12. “The One Device: The Secret History of the iPhone,” by Brian Merchant.
This fascinating book on the Apple iPhone’s invention quickly became a national bestseller and was shortlisted for Financial Times’ Business Book of the Year Award. It relays the inside scoop on how the world’s most profitable product was invented, offering analytical insights into how you might approach your own product development strategy.
The author writes in the style of a fast-paced novel, with vivid details that help readers really understand how the iPhone was devised and launched. Although this smartphone is a common product today, it was one of the most disruptive products of its time and, years on, generates the same level of excitement with each new launch.

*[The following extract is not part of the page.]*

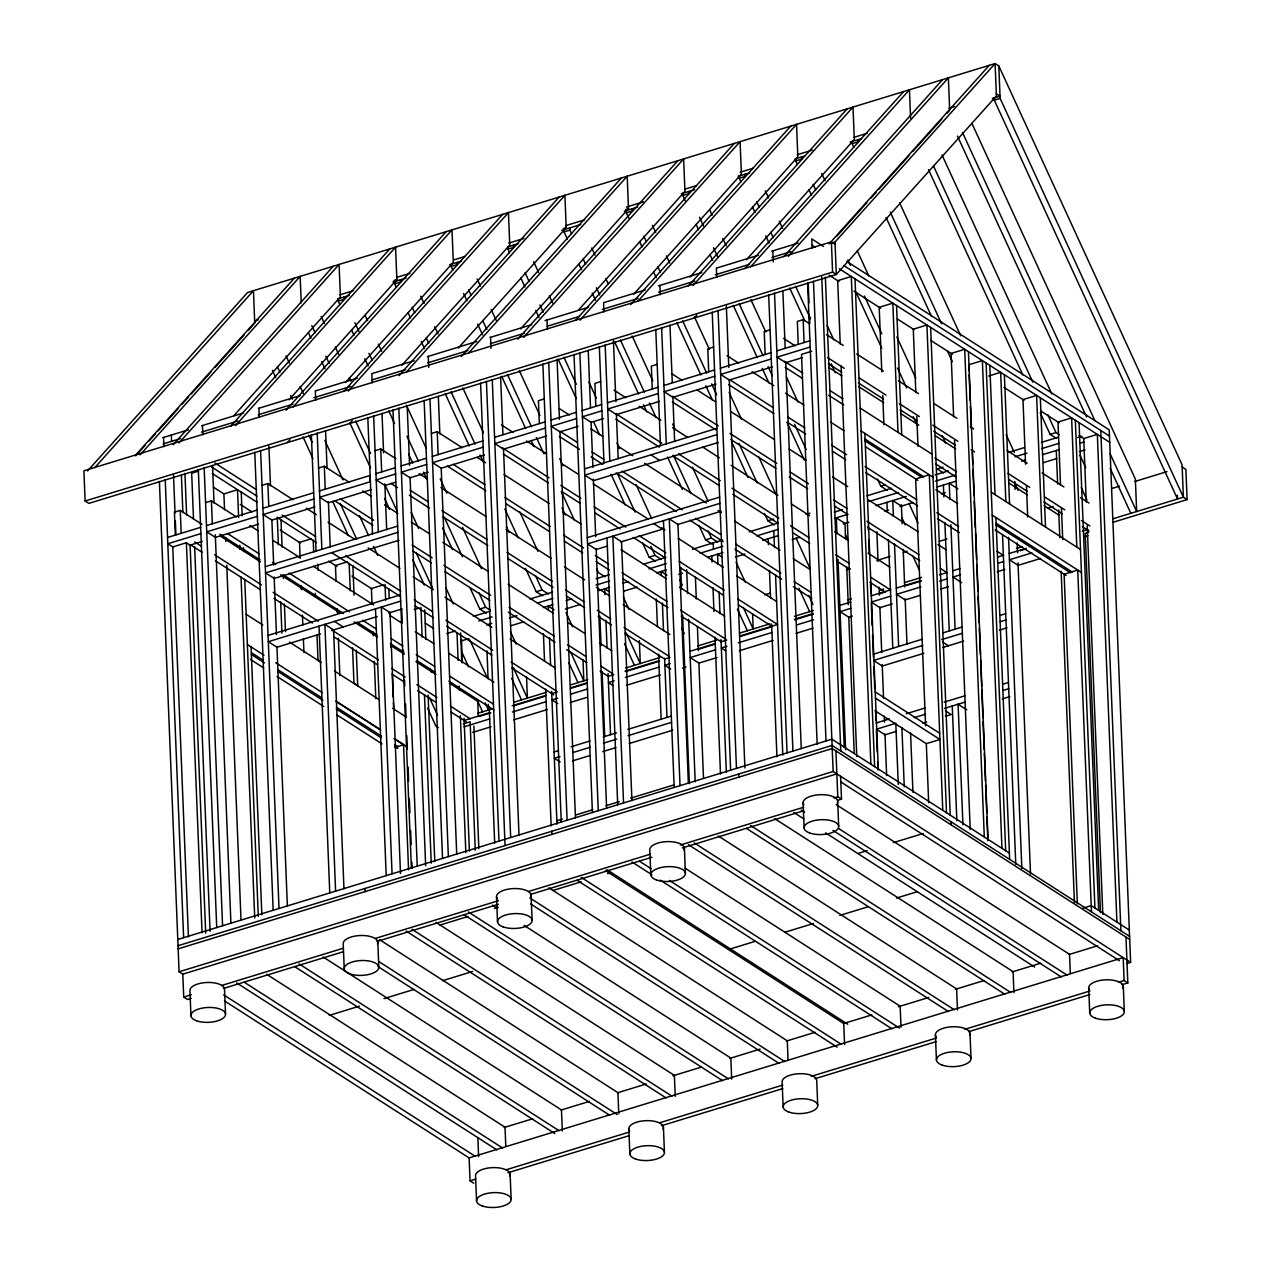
<?xml version="1.0" encoding="UTF-8"?>
<svg xmlns="http://www.w3.org/2000/svg" width="1271" height="1271" viewBox="0 0 1271 1271"><rect width="100%" height="100%" fill="white"/><g stroke="black" fill="none" stroke-linecap="round" stroke-linejoin="round"><path stroke-width="1.5" d="M87.524 470.985L247.607 292.473L995.098 63.55L998.815 65.933L1182.078 464.789L1183.38 497.215L1187.098 499.598L1185.891 469.38L1182.173 466.981M94.69 467.712L253.453 290.678L254.74 323.104L248.131 330.476M135.568 455.193L294.332 278.158M135.679 455.876L144.942 445.549M148.914 441.132L155.523 433.745M158.176 430.805L178.019 408.674M181.991 404.242L188.601 396.87M191.254 393.915L211.097 371.783M215.053 367.367L244.159 334.909M140.096 454.875L300.163 276.379L301.227 302.816M173.174 444.755L333.256 266.243M179.02 442.959L339.103 264.447L340.406 296.874L233.896 415.649M230.957 425.992L389.704 248.957M235.469 425.674L395.551 247.162L396.854 279.588L289.025 399.825M286.086 410.168L446.153 231.656M293.251 406.911L451.999 229.876L453.302 262.303L345.474 382.539M287.389 442.594L289.947 439.734M343.853 391.404L502.601 214.37M348.381 391.103L508.448 212.591L509.75 245.017L401.922 365.254M349.684 423.513L352.242 420.653M398.983 375.596L559.065 197.084M406.148 372.339L564.896 195.289L566.199 227.716L458.386 347.968M461.278 356.516L621.344 178.004M468.443 353.259L627.191 176.224L628.494 208.651L520.665 328.887M517.726 339.23L677.808 160.718M523.573 337.451L683.639 158.939L684.942 191.365L578.432 310.14M575.493 320.467L734.257 143.432M580.021 320.149L740.087 141.637L741.39 174.063L633.578 294.316M630.623 304.659L790.705 126.147M637.788 301.386L796.552 124.351L797.838 156.778L690.026 277.03M688.405 285.896L847.153 108.861M692.917 285.578L853 107.066L854.303 139.492L746.474 259.729M694.22 318.004L696.794 315.144M744.854 268.61L903.602 91.576M750.7 266.815L909.448 89.78L910.576 118.108M783.778 256.678L942.542 79.644M788.306 256.361L948.373 77.865L949.675 110.275L947.054 113.214M829.185 243.841L989.251 65.345M836.604 236.39L866.838 202.661M870.778 198.26L876.037 192.398M878.674 189.458L908.924 155.745M912.864 151.344L941.795 119.077M830.646 243.397L835.015 242.062L995.098 63.55L996.4 95.976L836.318 274.488L88.827 503.395L85.109 501.012L83.902 470.794L831.393 241.871L835.111 244.254M254.518 320.943L258.299 319.784M339.881 294.808L353.163 290.741M396.806 277.38L410.088 273.313M453.715 259.935L465.091 256.456M508.734 243.095L523.906 238.44M565.643 225.666L584.628 219.851M626.365 207.078L643.428 201.835M685.164 189.061L696.556 185.566M740.183 172.205L753.465 168.137M797.108 154.776L812.28 150.137M854.017 137.347L867.299 133.28M948.881 108.305L954.569 106.557M393.931 280.478L396.854 279.588M563.275 228.621L566.199 227.716M625.57 209.54L628.494 208.651M337.911 298.939L349.287 295.444M392.93 282.083L406.212 278.015M449.839 264.654L461.23 261.159M518.139 243.73L507.542 246.987L509.29 252.786M561.782 230.369L580.752 224.57M624.379 211.193L637.661 207.125M681.304 193.764L694.586 189.697M738.213 176.335L749.604 172.856M795.138 158.907L804.622 155.999M850.156 142.066L861.531 138.571M992.444 98.487L1000.023 96.167L996.305 93.768M339.929 304.659L338.277 301.052L344.123 299.257L344.028 297.064M396.377 287.357L394.725 283.767L400.572 281.971L400.476 279.763M452.841 270.072L451.173 266.465L457.02 264.686L456.925 262.477M507.637 249.18L513.468 247.4L513.389 245.192M567.39 239.107L564.086 231.894L569.916 230.115L569.837 227.906M628.859 218.231L626.365 212.813L632.211 211.034L632.116 208.825M685.307 200.929L682.829 195.527L688.66 193.748L688.58 191.54M740.929 181.848L739.277 178.242L745.108 176.462L745.028 174.254M797.378 164.563L795.725 160.956L801.572 159.161L801.477 156.969M853.826 147.277L852.174 143.671L858.02 141.875L857.925 139.683M1177.391 495.182L1177.534 498.995L994.272 100.155L1000.118 98.36L998.815 65.933M162.815 437.669L188.394 429.836M201.676 425.769L243.412 412.98M258.601 408.325L300.337 395.551M315.51 390.896L357.246 378.123M372.435 373.467L414.171 360.694M427.437 356.627L476.768 341.518M490.05 337.451L531.786 324.661M545.068 320.594L588.505 307.296M645.16 289.947L603.614 302.673L603.836 311.983M658.378 285.896L701.814 272.598M716.923 267.974L758.469 255.249M771.688 251.197L798.124 243.095M163.053 443.913L180.641 438.543M201.422 432.172L237.979 420.971M258.14 414.807L292.997 404.13M313.858 397.728L350.764 386.432M371.561 380.061L405.576 369.639M427.692 362.871L467.966 350.542M490.304 343.694L524.669 333.177M547.213 326.266L579.497 316.384M602.184 309.441L638.09 298.447M658.632 292.155L694.808 281.066M715.287 274.806L749.62 264.289M771.942 257.457L790.816 251.674M85.109 501.012L832.6 272.105L836.318 274.488L835.015 242.062M198.483 471.128L191.667 473.209L193.494 518.822M201.994 524.335L180.26 510.386L174.429 512.181L175.35 535.107M205.568 502.633L211.415 500.853L236.47 516.932M262.017 485.347L267.863 483.568L292.934 499.646M318.465 468.062L324.312 466.282L349.382 482.36M374.929 450.776L380.76 448.981L395.805 458.64M431.377 433.49L437.208 431.695L462.279 447.789M544.274 398.903L538.427 400.699L539.349 423.624M600.722 381.618L594.892 383.413L595.813 406.339M657.171 364.332L651.34 366.127L652.261 389.053M713.635 347.047L707.788 348.842L708.71 371.768M770.083 329.761L764.236 331.54L765.158 354.482M809.849 323.914L803.177 319.625L797.33 321.42L798.252 344.346M167.565 537.49L200.643 527.354M206.49 525.574L257.107 510.068M262.938 508.273L313.556 492.783M319.386 490.987L370.004 475.497L370.258 481.741L319.641 497.247L328.315 502.808L371.434 489.605M375.835 473.702L395.44 467.696M401.143 465.949L426.452 458.195M432.299 456.416L482.901 440.91M494.578 437.335L545.195 421.845M551.042 420.05L576.335 412.297M582.182 410.517L601.644 404.543M607.49 402.764L658.092 387.258M663.939 385.478L714.556 369.972M720.387 368.193L771.004 352.687M776.835 350.891L809.929 340.771M200.897 533.613L167.804 543.75L173.587 547.451M257.346 516.328L206.744 531.818L215.419 537.395L258.537 524.192M313.81 499.026L263.192 514.533L271.867 520.093L314.986 506.891M395.694 473.956L376.232 479.914L384.906 485.49L395.519 482.233M426.706 464.455L401.398 472.208L410.072 477.769L428.152 472.24M483.155 447.17L432.537 462.676L441.228 468.236L484.33 455.034M545.45 428.089L494.832 443.595L503.507 449.156L546.625 435.953M576.589 418.556L551.28 426.309L559.971 431.87L578.035 426.341M601.898 410.803L582.436 416.761L591.11 422.337L603.503 418.54M658.346 393.517L607.745 409.008L616.419 414.584L659.522 401.382M714.795 376.232L664.193 391.722L672.867 397.299L715.986 384.096M771.259 358.946L720.641 374.437L729.316 380.013L772.434 366.811M810.183 347.015L777.089 357.151L785.764 362.712L802.319 357.659M205.695 933.136L190.11 545.132L186.392 542.749L172.761 546.927L188.426 936.902M811.74 351.241L801.508 354.371L817.174 744.345M189.347 545.37L202.216 541.43M311.427 538.761L299.511 542.415L300.131 558.144M265.289 566.644L397.648 526.099M584.517 468.872L716.892 428.343M397.902 532.358L265.528 572.887L274.218 578.464L399.015 540.239M717.146 434.587L584.771 475.132L593.446 480.692L718.258 442.467M347.364 561.83L335.449 565.484L336.084 581.212M988.743 375.994L1000.658 372.339L1005.854 501.568M383.318 584.898L371.402 588.552L372.022 604.281M268.054 635.421L400.413 594.892M587.281 537.649L719.656 497.12M400.667 601.135L268.292 641.68L276.967 647.241L320.467 633.927M719.91 503.364L587.536 543.909L596.21 549.485L607.554 546.006M331.81 630.448L377.201 616.546M388.545 613.083L401.779 609.016M620.804 541.954L662.398 529.213L653.723 523.636M677.522 524.573L721.022 511.26M414.155 609.54L419.255 607.967M469.857 587.409L479.787 609.016L485.617 607.236L490.399 610.302M525.479 568.328L536.235 591.73L542.082 589.951L548.437 594.034M642.522 542.749L649.131 557.159L654.978 555.363L661.349 559.462M698.971 525.463L705.596 539.873L711.426 538.078L717.797 542.161M764.57 513.595L767.875 520.792L773.721 519.013M877.467 479.008L880.787 486.221L885.156 484.871M943.066 467.14L937.235 468.935L943.606 473.019M1040.202 412.741L1050.132 434.348L1055.979 432.569L1059.156 434.603M473.352 616.356L490.336 611.144M530.007 598.991L552.663 592.064M596.099 578.75L609.317 574.714M643.317 564.292L665.972 557.349M692.409 549.263L722.675 540M749.223 531.866L777.693 523.144M806.148 514.421L809.945 513.262M866.854 495.833L891.511 488.286M935.154 474.925L948.436 470.858M1009.142 452.254L1024.315 447.614M1041.394 442.387L1058.473 437.16M478.881 620.979L492.115 616.928M537.49 603.042L552.917 598.307M596.083 585.089L609.572 580.958M649.02 568.884L666.226 563.609M700.051 553.25L722.913 546.244M756.769 535.885L777.931 529.403M834.269 512.149L842.451 509.639M868.999 501.505L898.533 492.465M935.408 481.169L955.252 475.1M1015.084 456.766L1027.079 453.096M1041.648 448.631L1059.22 443.261M1077.697 437.605L1081.907 436.303M446.693 633.641L455.209 631.036M486.698 624.919L491.782 623.362M509.385 617.976L516.947 615.657M543.416 607.554L552.869 604.662M566.088 600.611L571.759 598.863M598.832 590.57L609.572 587.281M622.806 583.23L628.478 581.498M656.742 572.84L666.274 569.916M707.868 557.191L722.992 552.551M762.695 540.397L778.408 535.584M834.523 518.393L847.757 514.342M876.1 505.667L906.35 496.405M936.6 487.143L955.506 481.344M1021.662 461.087L1025.443 459.927M1042.458 454.716L1059.474 449.505M1080.271 443.134L1084.036 441.99M461.357 640.902L468.92 638.598M510.497 625.856L523.731 621.805M565.325 609.063L580.434 604.44M623.918 591.126L637.152 587.075M678.746 574.333L682.527 573.173M735.448 556.968L744.901 554.077M792.151 539.603L799.713 537.283M843.197 523.97L848.869 522.238M884.791 511.228L888.572 510.068M899.9 506.605L913.134 502.553M941.493 493.863L945.274 492.703M1043.57 462.596L1056.805 458.545M1079.492 451.602L1085.164 449.87M764.792 594.812L770.48 593.064M846.359 569.821L850.156 568.661M876.72 560.527L890.002 556.46M903.284 552.392L907.081 551.233M939.333 541.351L946.911 539.031M1047.463 508.241L1053.151 506.494M1111.966 488.477L1119.56 486.158M1134.733 481.518L1166.985 471.636M477.626 713.349L490.908 709.282M513.675 702.307L545.926 692.425M570.584 684.878L587.663 679.651M625.602 668.022L659.76 657.568M697.7 645.954L716.669 640.139M739.436 633.165L769.797 623.87M794.454 616.324L813.424 610.509M847.582 600.055L851.379 598.879M879.834 590.173L883.631 589.013M904.491 582.626L921.57 577.384M1016.435 548.341L1022.122 546.594M1113.189 518.711L1183.38 497.215L1000.118 98.36M463.708 720.578L489.446 712.697M512.165 705.739L545.895 695.412M551.741 693.616L557.365 691.901M570.488 687.881L587.361 682.718M608.189 676.331L613.814 674.615M625.062 671.167L658.807 660.825M664.638 659.045L669.96 657.409M689.946 651.292L715.255 643.539M721.102 641.76L726.726 640.028M739.833 636.008L777.55 624.458L737.53 598.784M794.629 619.231L813.376 613.496M839.829 605.393L850.68 602.073M870.985 595.845L890.447 589.887M896.293 588.108L920.649 580.64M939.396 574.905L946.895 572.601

13. “Radical Candor: Be a Kick-Ass Boss Without Losing Your Humanity,” by Kim Scott.
For anyone with a team to lead, “Radical Candor” is an important book that helps put this role into serious perspective, especially for those who run virtual teams and don’t often see the talent. Scott provides examples related to experience leading teams at Google and Apple in order to illustrate how to care deeply for employees.
The book includes a new framework for how to be a better boss and colleague by offering better feedback, making sharper decisions, and more through both caring about people and challenging them directly. The practical suggestions and tips will yield positive change for you and your team.
14. “You Are a Badass at Making Money: Master the Mindset of Wealth,” by Jen Sincero.
This list is full of engaging, positive, and edgy books, and Sincero’s book might just top all of them in these areas. Her fun-to-navigate finance manifesto will challenge you to think differently about how to make money and to develop a mindset of wealth.
So many people want to do better with their personal finances or reach better financial decisions for their businesses, and most fail. But this book will make you address the mental obstacles standing between you and your desired income. It’s an easy read that you can leverage to start enacting real financial change.
Making resolutions to be more successful in 2018? This book will you the framework to achieve them.
15. “Peak Performance: Elevate Your Game, Avoid Burnout, and Thrive with the New Science of Success,” by Brad Stulberg and Steve Magness.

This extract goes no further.